# Sole Trader: turnover-costs=profit taxed at 20%?



## Winifred (11 Sep 2008)

I'm a sole trader in my second year of business, and this may seem shockingly ignorant but I understand that my turnover minus costs = profit, but is all the profit taxed at 20% ie my income tax rate? 

I assumed that only the money I pay myself as a salary from my company would be taxed as income, I have separate personal & business accounts, credit cards etc.

Cheers!


----------



## Graham_07 (11 Sep 2008)

As a sole-trader the profit ( as adjusted for tax purposes to take account of any non tax allowable items) is what is deemed to be your income from the business, not what you actually take from it. The rate of tax in total will depend on the income. If your income is less than your standard rate cut-off point then you will pay 20% tax, less your tax credits and then add PRSI at 3% and possibly the 2% levy if you exceed the threshold for that. Any part of the income in excess of your standard rate cut-off point is taxed at 41%.


----------



## Galway5 (11 Sep 2008)

You mention you are a sole trader, but you also mention company? Can you clarify whether you actually have a company or you are trading personally?


----------



## Winifred (11 Sep 2008)

Hi guys,

Thanks for the swift reply.

I am a sole trader, when I say company it was technically incorrect but  I always think of my business as a company.

That's bloody awful! I understand the idea behind it but I hardly want to take all (or most) of the money in my business account out and transfer it to my personal account as what happens if my business needs the money?
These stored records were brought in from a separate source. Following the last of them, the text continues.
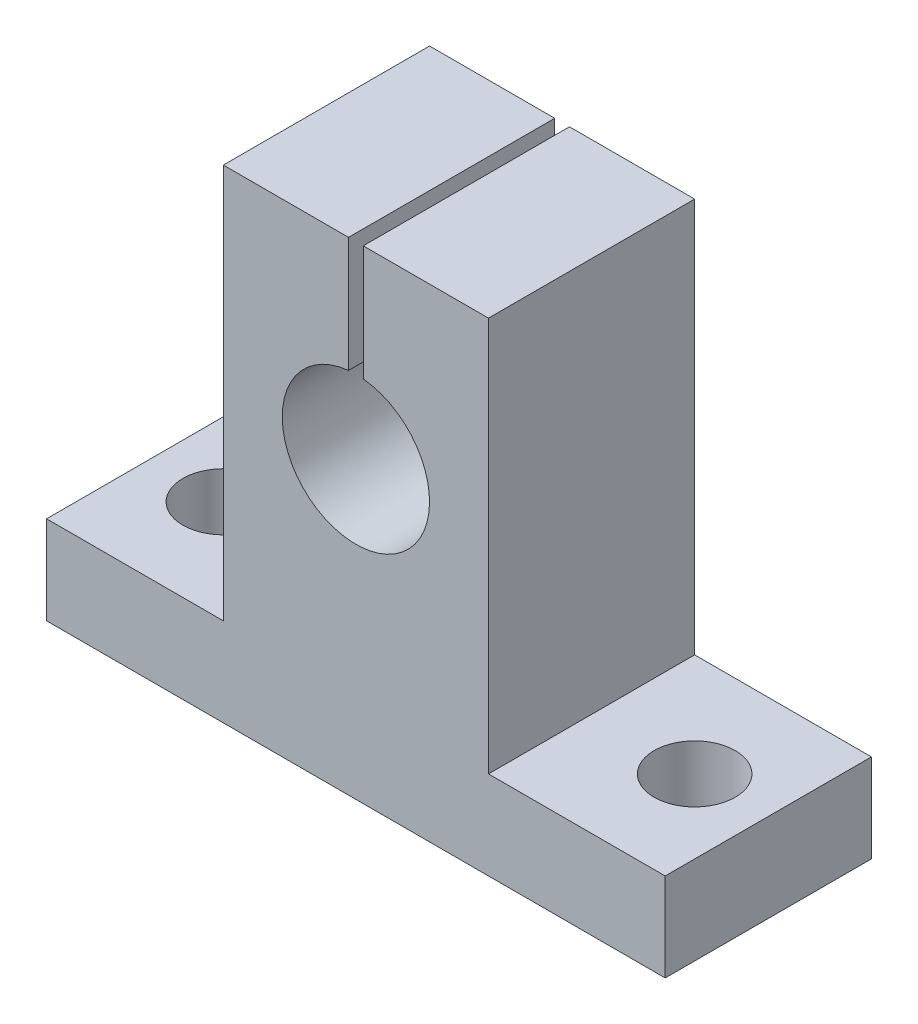
ISO-10303-21;
HEADER;
FILE_DESCRIPTION(('STEP AP214'),'2;1');
FILE_NAME('part.step','',(''),(''),'','','');
FILE_SCHEMA(('AUTOMOTIVE_DESIGN { 1 0 10303 214 1 1 1 1 }'));
ENDSEC;
DATA;
#1=APPLICATION_CONTEXT('core data for automotive mechanical design processes');
#2=APPLICATION_PROTOCOL_DEFINITION('international standard','automotive_design',2000,#1);
#3=PRODUCT_CONTEXT('',#1,'mechanical');
#4=PRODUCT('Part','Part','',(#3));
#5=PRODUCT_RELATED_PRODUCT_CATEGORY('part','',(#4));
#6=PRODUCT_DEFINITION_FORMATION('','',#4);
#7=PRODUCT_DEFINITION_CONTEXT('part definition',#1,'design');
#8=PRODUCT_DEFINITION('design','',#6,#7);
#9=PRODUCT_DEFINITION_SHAPE('','',#8);
#10=(LENGTH_UNIT() NAMED_UNIT(*) SI_UNIT(.MILLI.,.METRE.));
#11=(NAMED_UNIT(*) PLANE_ANGLE_UNIT() SI_UNIT($,.RADIAN.));
#12=(NAMED_UNIT(*) SI_UNIT($,.STERADIAN.) SOLID_ANGLE_UNIT());
#13=UNCERTAINTY_MEASURE_WITH_UNIT(LENGTH_MEASURE(1.E-05),#10,'distance_accuracy_value','');
#14=(GEOMETRIC_REPRESENTATION_CONTEXT(3) GLOBAL_UNCERTAINTY_ASSIGNED_CONTEXT((#13)) GLOBAL_UNIT_ASSIGNED_CONTEXT((#10,
#11,#12)) REPRESENTATION_CONTEXT('',''));
#15=CARTESIAN_POINT('',(0.,0.,0.));
#16=DIRECTION('',(0.,0.,1.));
#17=DIRECTION('',(1.,0.,0.));
#18=AXIS2_PLACEMENT_3D('',#15,#16,#17);
#19=CARTESIAN_POINT('',(9.,12.8,14.));
#20=DIRECTION('',(0.,-1.,0.));
#21=DIRECTION('',(1.,0.,0.));
#22=AXIS2_PLACEMENT_3D('',#19,#20,#21);
#23=PLANE('',#22);
#24=DIRECTION('',(-1.,0.,0.));
#25=VECTOR('',#24,1.);
#26=CARTESIAN_POINT('',(9.,12.8,14.));
#27=LINE('',#26,#25);
#28=CARTESIAN_POINT('',(-0.5,12.8,14.));
#29=VERTEX_POINT('',#28);
#30=CARTESIAN_POINT('',(-9.,12.8,14.));
#31=VERTEX_POINT('',#30);
#32=EDGE_CURVE('E134',#29,#31,#27,.T.);
#33=ORIENTED_EDGE('',*,*,#32,.F.);
#34=DIRECTION('',(0.,0.,-1.));
#35=VECTOR('',#34,1.);
#36=CARTESIAN_POINT('',(-0.5,12.8,14.));
#37=LINE('',#36,#35);
#38=CARTESIAN_POINT('',(-0.5,12.8,0.));
#39=VERTEX_POINT('',#38);
#40=EDGE_CURVE('E120',#29,#39,#37,.T.);
#41=ORIENTED_EDGE('',*,*,#40,.T.);
#42=DIRECTION('',(-1.,0.,0.));
#43=VECTOR('',#42,1.);
#44=CARTESIAN_POINT('',(9.,12.8,0.));
#45=LINE('',#44,#43);
#46=CARTESIAN_POINT('',(-9.,12.8,0.));
#47=VERTEX_POINT('',#46);
#48=EDGE_CURVE('E168',#39,#47,#45,.T.);
#49=ORIENTED_EDGE('',*,*,#48,.T.);
#50=DIRECTION('',(0.,0.,-1.));
#51=VECTOR('',#50,1.);
#52=CARTESIAN_POINT('',(-9.,12.8,14.));
#53=LINE('',#52,#51);
#54=EDGE_CURVE('E143',#31,#47,#53,.T.);
#55=ORIENTED_EDGE('',*,*,#54,.F.);
#56=EDGE_LOOP('',(#33,#41,#49,#55));
#57=FACE_BOUND('',#56,.T.);
#58=ADVANCED_FACE('F34',(#57),#23,.F.);
#59=CARTESIAN_POINT('',(0.,0.,14.));
#60=DIRECTION('',(0.,0.,-1.));
#61=DIRECTION('',(-1.,0.,0.));
#62=AXIS2_PLACEMENT_3D('',#59,#60,#61);
#63=PLANE('',#62);
#64=CARTESIAN_POINT('',(0.,0.,14.));
#65=DIRECTION('',(0.,0.,1.));
#66=DIRECTION('',(1.,0.,0.));
#67=AXIS2_PLACEMENT_3D('',#64,#65,#66);
#68=CIRCLE('',#67,5.);
#69=CARTESIAN_POINT('',(-0.5,4.9749371855331,14.));
#70=VERTEX_POINT('',#69);
#71=CARTESIAN_POINT('',(0.5,4.9749371855331,14.));
#72=VERTEX_POINT('',#71);
#73=EDGE_CURVE('E138',#70,#72,#68,.T.);
#74=ORIENTED_EDGE('',*,*,#73,.F.);
#75=DIRECTION('',(0.,-1.,0.));
#76=VECTOR('',#75,1.);
#77=CARTESIAN_POINT('',(-0.5,-0.67078400819638,14.));
#78=LINE('',#77,#76);
#79=EDGE_CURVE('E56',#29,#70,#78,.T.);
#80=ORIENTED_EDGE('',*,*,#79,.F.);
#81=ORIENTED_EDGE('',*,*,#32,.T.);
#82=DIRECTION('',(0.,-1.,0.));
#83=VECTOR('',#82,1.);
#84=CARTESIAN_POINT('',(-9.,12.8,14.));
#85=LINE('',#84,#83);
#86=CARTESIAN_POINT('',(-9.,-14.,14.));
#87=VERTEX_POINT('',#86);
#88=EDGE_CURVE('E172',#31,#87,#85,.T.);
#89=ORIENTED_EDGE('',*,*,#88,.T.);
#90=DIRECTION('',(-1.,0.,0.));
#91=VECTOR('',#90,1.);
#92=CARTESIAN_POINT('',(-9.,-14.,14.));
#93=LINE('',#92,#91);
#94=CARTESIAN_POINT('',(-21.,-14.,14.));
#95=VERTEX_POINT('',#94);
#96=EDGE_CURVE('E207',#87,#95,#93,.T.);
#97=ORIENTED_EDGE('',*,*,#96,.T.);
#98=DIRECTION('',(0.,-1.,0.));
#99=VECTOR('',#98,1.);
#100=CARTESIAN_POINT('',(-21.,-14.,14.));
#101=LINE('',#100,#99);
#102=CARTESIAN_POINT('',(-21.,-20.,14.));
#103=VERTEX_POINT('',#102);
#104=EDGE_CURVE('E209',#95,#103,#101,.T.);
#105=ORIENTED_EDGE('',*,*,#104,.T.);
#106=DIRECTION('',(1.,0.,0.));
#107=VECTOR('',#106,1.);
#108=CARTESIAN_POINT('',(-21.,-20.,14.));
#109=LINE('',#108,#107);
#110=CARTESIAN_POINT('',(21.,-20.,14.));
#111=VERTEX_POINT('',#110);
#112=EDGE_CURVE('E211',#103,#111,#109,.T.);
#113=ORIENTED_EDGE('',*,*,#112,.T.);
#114=DIRECTION('',(0.,1.,0.));
#115=VECTOR('',#114,1.);
#116=CARTESIAN_POINT('',(21.,-14.,14.));
#117=LINE('',#116,#115);
#118=CARTESIAN_POINT('',(21.,-14.,14.));
#119=VERTEX_POINT('',#118);
#120=EDGE_CURVE('E213',#111,#119,#117,.T.);
#121=ORIENTED_EDGE('',*,*,#120,.T.);
#122=DIRECTION('',(-1.,0.,0.));
#123=VECTOR('',#122,1.);
#124=CARTESIAN_POINT('',(9.,-14.,14.));
#125=LINE('',#124,#123);
#126=CARTESIAN_POINT('',(9.,-14.,14.));
#127=VERTEX_POINT('',#126);
#128=EDGE_CURVE('E149',#119,#127,#125,.T.);
#129=ORIENTED_EDGE('',*,*,#128,.T.);
#130=DIRECTION('',(0.,1.,0.));
#131=VECTOR('',#130,1.);
#132=CARTESIAN_POINT('',(9.,12.8,14.));
#133=LINE('',#132,#131);
#134=CARTESIAN_POINT('',(9.,12.8,14.));
#135=VERTEX_POINT('',#134);
#136=EDGE_CURVE('E146',#127,#135,#133,.T.);
#137=ORIENTED_EDGE('',*,*,#136,.T.);
#138=CARTESIAN_POINT('',(0.5,12.8,14.));
#139=VERTEX_POINT('',#138);
#140=EDGE_CURVE('E145',#135,#139,#27,.T.);
#141=ORIENTED_EDGE('',*,*,#140,.T.);
#142=DIRECTION('',(0.,1.,0.));
#143=VECTOR('',#142,1.);
#144=CARTESIAN_POINT('',(0.5,-0.67078400819638,14.));
#145=LINE('',#144,#143);
#146=EDGE_CURVE('E139',#72,#139,#145,.T.);
#147=ORIENTED_EDGE('',*,*,#146,.F.);
#148=EDGE_LOOP('',(#74,#80,#81,#89,#97,#105,#113,#121,#129,#137,#141,#147));
#149=FACE_BOUND('',#148,.T.);
#150=ADVANCED_FACE('F132',(#149),#63,.F.);
#151=CARTESIAN_POINT('',(0.,0.,0.));
#152=DIRECTION('',(0.,0.,-1.));
#153=DIRECTION('',(-1.,0.,0.));
#154=AXIS2_PLACEMENT_3D('',#151,#152,#153);
#155=PLANE('',#154);
#156=DIRECTION('',(0.,-1.,0.));
#157=VECTOR('',#156,1.);
#158=CARTESIAN_POINT('',(-0.5,-0.67078400819638,0.));
#159=LINE('',#158,#157);
#160=CARTESIAN_POINT('',(-0.5,4.9749371855331,0.));
#161=VERTEX_POINT('',#160);
#162=EDGE_CURVE('E123',#39,#161,#159,.T.);
#163=ORIENTED_EDGE('',*,*,#162,.T.);
#164=CARTESIAN_POINT('',(0.,0.,0.));
#165=DIRECTION('',(0.,0.,1.));
#166=DIRECTION('',(1.,0.,0.));
#167=AXIS2_PLACEMENT_3D('',#164,#165,#166);
#168=CIRCLE('',#167,5.);
#169=CARTESIAN_POINT('',(0.5,4.9749371855331,0.));
#170=VERTEX_POINT('',#169);
#171=EDGE_CURVE('E127',#161,#170,#168,.T.);
#172=ORIENTED_EDGE('',*,*,#171,.T.);
#173=DIRECTION('',(0.,1.,0.));
#174=VECTOR('',#173,1.);
#175=CARTESIAN_POINT('',(0.5,-0.67078400819638,0.));
#176=LINE('',#175,#174);
#177=CARTESIAN_POINT('',(0.5,12.8,0.));
#178=VERTEX_POINT('',#177);
#179=EDGE_CURVE('E49',#170,#178,#176,.T.);
#180=ORIENTED_EDGE('',*,*,#179,.T.);
#181=CARTESIAN_POINT('',(9.,12.8,0.));
#182=VERTEX_POINT('',#181);
#183=EDGE_CURVE('E169',#182,#178,#45,.T.);
#184=ORIENTED_EDGE('',*,*,#183,.F.);
#185=DIRECTION('',(0.,1.,0.));
#186=VECTOR('',#185,1.);
#187=CARTESIAN_POINT('',(9.,12.8,0.));
#188=LINE('',#187,#186);
#189=CARTESIAN_POINT('',(9.,-14.,0.));
#190=VERTEX_POINT('',#189);
#191=EDGE_CURVE('E166',#190,#182,#188,.T.);
#192=ORIENTED_EDGE('',*,*,#191,.F.);
#193=DIRECTION('',(-1.,0.,0.));
#194=VECTOR('',#193,1.);
#195=CARTESIAN_POINT('',(9.,-14.,0.));
#196=LINE('',#195,#194);
#197=CARTESIAN_POINT('',(21.,-14.,0.));
#198=VERTEX_POINT('',#197);
#199=EDGE_CURVE('E164',#198,#190,#196,.T.);
#200=ORIENTED_EDGE('',*,*,#199,.F.);
#201=DIRECTION('',(0.,1.,0.));
#202=VECTOR('',#201,1.);
#203=CARTESIAN_POINT('',(21.,-14.,0.));
#204=LINE('',#203,#202);
#205=CARTESIAN_POINT('',(21.,-20.,0.));
#206=VERTEX_POINT('',#205);
#207=EDGE_CURVE('E162',#206,#198,#204,.T.);
#208=ORIENTED_EDGE('',*,*,#207,.F.);
#209=DIRECTION('',(1.,0.,0.));
#210=VECTOR('',#209,1.);
#211=CARTESIAN_POINT('',(-21.,-20.,0.));
#212=LINE('',#211,#210);
#213=CARTESIAN_POINT('',(-21.,-20.,0.));
#214=VERTEX_POINT('',#213);
#215=EDGE_CURVE('E160',#214,#206,#212,.T.);
#216=ORIENTED_EDGE('',*,*,#215,.F.);
#217=DIRECTION('',(0.,-1.,0.));
#218=VECTOR('',#217,1.);
#219=CARTESIAN_POINT('',(-21.,-14.,0.));
#220=LINE('',#219,#218);
#221=CARTESIAN_POINT('',(-21.,-14.,0.));
#222=VERTEX_POINT('',#221);
#223=EDGE_CURVE('E158',#222,#214,#220,.T.);
#224=ORIENTED_EDGE('',*,*,#223,.F.);
#225=DIRECTION('',(-1.,0.,0.));
#226=VECTOR('',#225,1.);
#227=CARTESIAN_POINT('',(-9.,-14.,0.));
#228=LINE('',#227,#226);
#229=CARTESIAN_POINT('',(-9.,-14.,0.));
#230=VERTEX_POINT('',#229);
#231=EDGE_CURVE('E156',#230,#222,#228,.T.);
#232=ORIENTED_EDGE('',*,*,#231,.F.);
#233=DIRECTION('',(0.,-1.,0.));
#234=VECTOR('',#233,1.);
#235=CARTESIAN_POINT('',(-9.,12.8,0.));
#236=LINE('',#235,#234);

I think I'll have made about 60k profit (fingers & toes firmly crossed) by the end of the year so I'll be paying something like 13k tax? Even if I (personally) never touch it but it stays in my business account?

Thank you all again!


----------



## zxcvbnm (11 Sep 2008)

Have you thought of settig up as a company instead?

Not sure of the differences but the differences may be to your advantage?
Worth investigating the differences at least.


----------



## Graham_07 (12 Sep 2008)

Winifred said:


> I think I'll have made about 60k profit (fingers & toes firmly crossed) by the end of the year so I'll be paying something like 13k tax? Even if I (personally) never touch it but it stays in my business account?


 
The tax/prsi will depend on your tax credits/cut-off point.   

Example1 :-
Profit €60,000 ( assuming this is the tax adjusted amount)
Drawings €20,000
Retained in business €40,000 ( in cash/debtors/paid stock or whatever)
Tax based on €60,000

Example 2 :-
Profit €20,000
Drawings €60,000 
Deficit €40,000 ( funded by say overdraft, unpaid creditors etc.)
Tax based on €20,000

There may be tax saving mechanisms you could put in place before your year end to minimise the effect of taxation. Your tax advisor would help there.


----------



## Graham_07 (12 Sep 2008)

zxcvbnm said:


> Have you thought of settig up as a company instead?
> 
> Not sure of the differences but the differences may be to your advantage?
> Worth investigating the differences at least.


 
Company taxation and personal taxation have different computations and rates. There are also different legal implications of trading as a company and as a sole-trader. One should take appropriate professional advice before considering setting up a company.


----------



## Winifred (1 Oct 2008)

Apologies for not responding sooner.

I just wanted to say thank you for your very helpful advice!

Best,
Winifred


----------